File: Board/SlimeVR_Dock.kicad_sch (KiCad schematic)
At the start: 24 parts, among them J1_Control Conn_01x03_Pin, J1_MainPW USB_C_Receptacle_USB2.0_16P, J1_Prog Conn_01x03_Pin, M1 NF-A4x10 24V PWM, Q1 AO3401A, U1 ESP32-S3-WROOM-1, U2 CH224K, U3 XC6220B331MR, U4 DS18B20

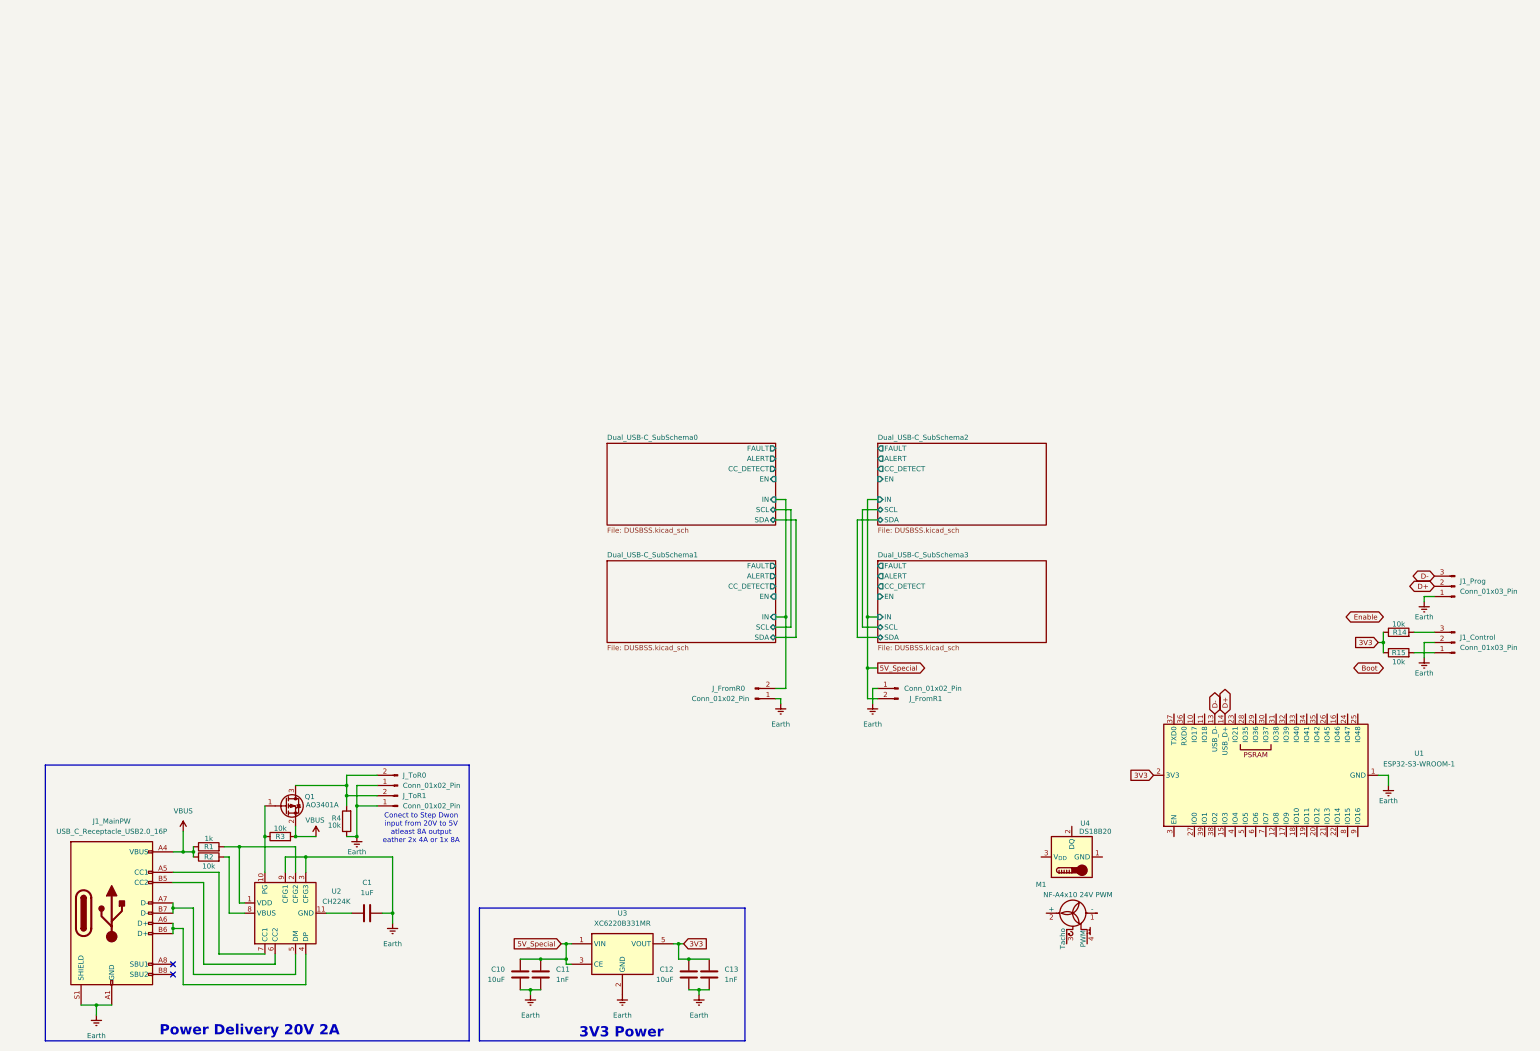
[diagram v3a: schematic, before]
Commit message: Conecting usb to esp
added in/out and out/in reistry
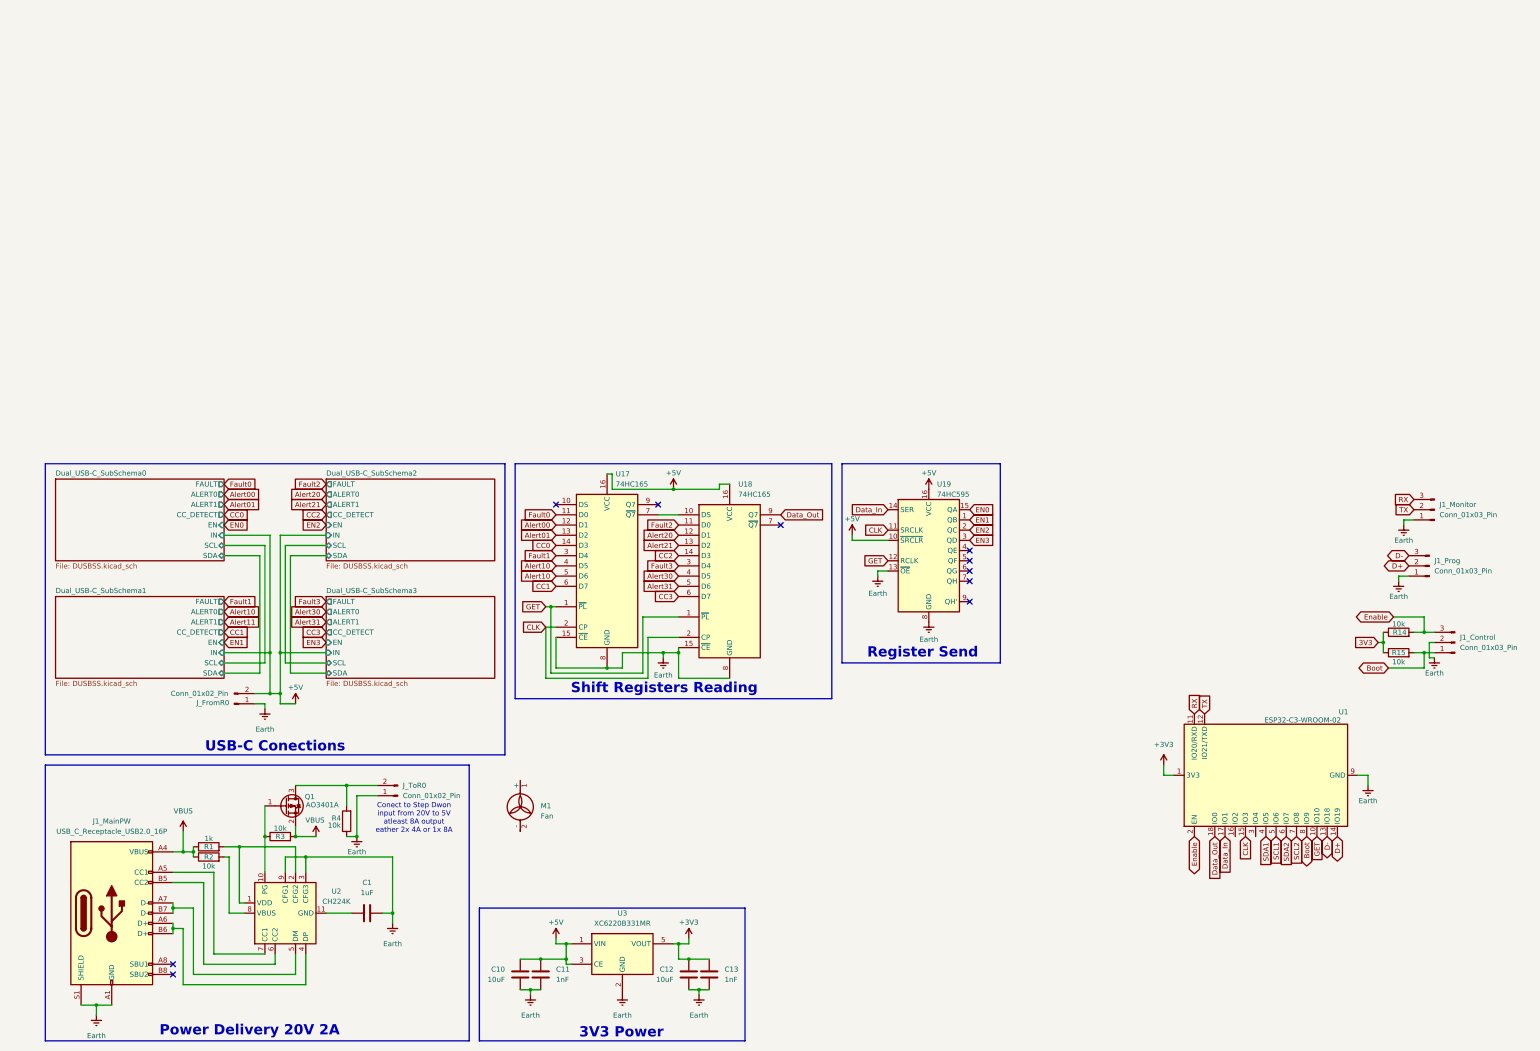
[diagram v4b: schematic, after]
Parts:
- removed J_FromR0, J_ToR1: Conn_01x02_Pin, symbol Connector:Conn_01x02_Pin
- removed M1: NF-A4x10 24V PWM, symbol Motor:Fan_4pin
- removed U1: ESP32-S3-WROOM-1, RF_Module:ESP32-S3-WROOM-1, symbol RF_Module:ESP32-S3-WROOM-1
- removed U4: DS18B20, Package_TO_SOT_THT:TO-92_Inline, symbol Sensor_Temperature:DS18B20
- added J1_Monitor: Conn_01x03_Pin, symbol Connector:Conn_01x03_Pin
- added M1: Fan, symbol Motor:Fan
- added U1: ESP32-C3-WROOM-02, RF_Module:ESP32-C3-WROOM-02, symbol RF_Module:ESP32-C3-WROOM-02
- added U17, U18: 74HC165, symbol 74xx:74HC165
- added U19: 74HC595, symbol 74xx:74HC595
- renumbered J_FromR1 to J_FromR0
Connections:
- net 3V3: no longer C12.1, C13.1, U3.5 (VOUT)
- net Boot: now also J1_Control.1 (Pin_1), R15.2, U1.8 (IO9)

(Your task) Everything from the line with "At the start: 24" through the line with "[diagram v4b: schematic, after]" in the material above should be transcribed exactly, except the pictures.

(Task response)
At the start: 24 parts, among them J1_Control Conn_01x03_Pin, J1_MainPW USB_C_Receptacle_USB2.0_16P, J1_Prog Conn_01x03_Pin, M1 NF-A4x10 24V PWM, Q1 AO3401A, U1 ESP32-S3-WROOM-1, U2 CH224K, U3 XC6220B331MR, U4 DS18B20

[diagram v3a: schematic, before]
Commit message: Conecting usb to esp
added in/out and out/in reistry
[diagram v4b: schematic, after]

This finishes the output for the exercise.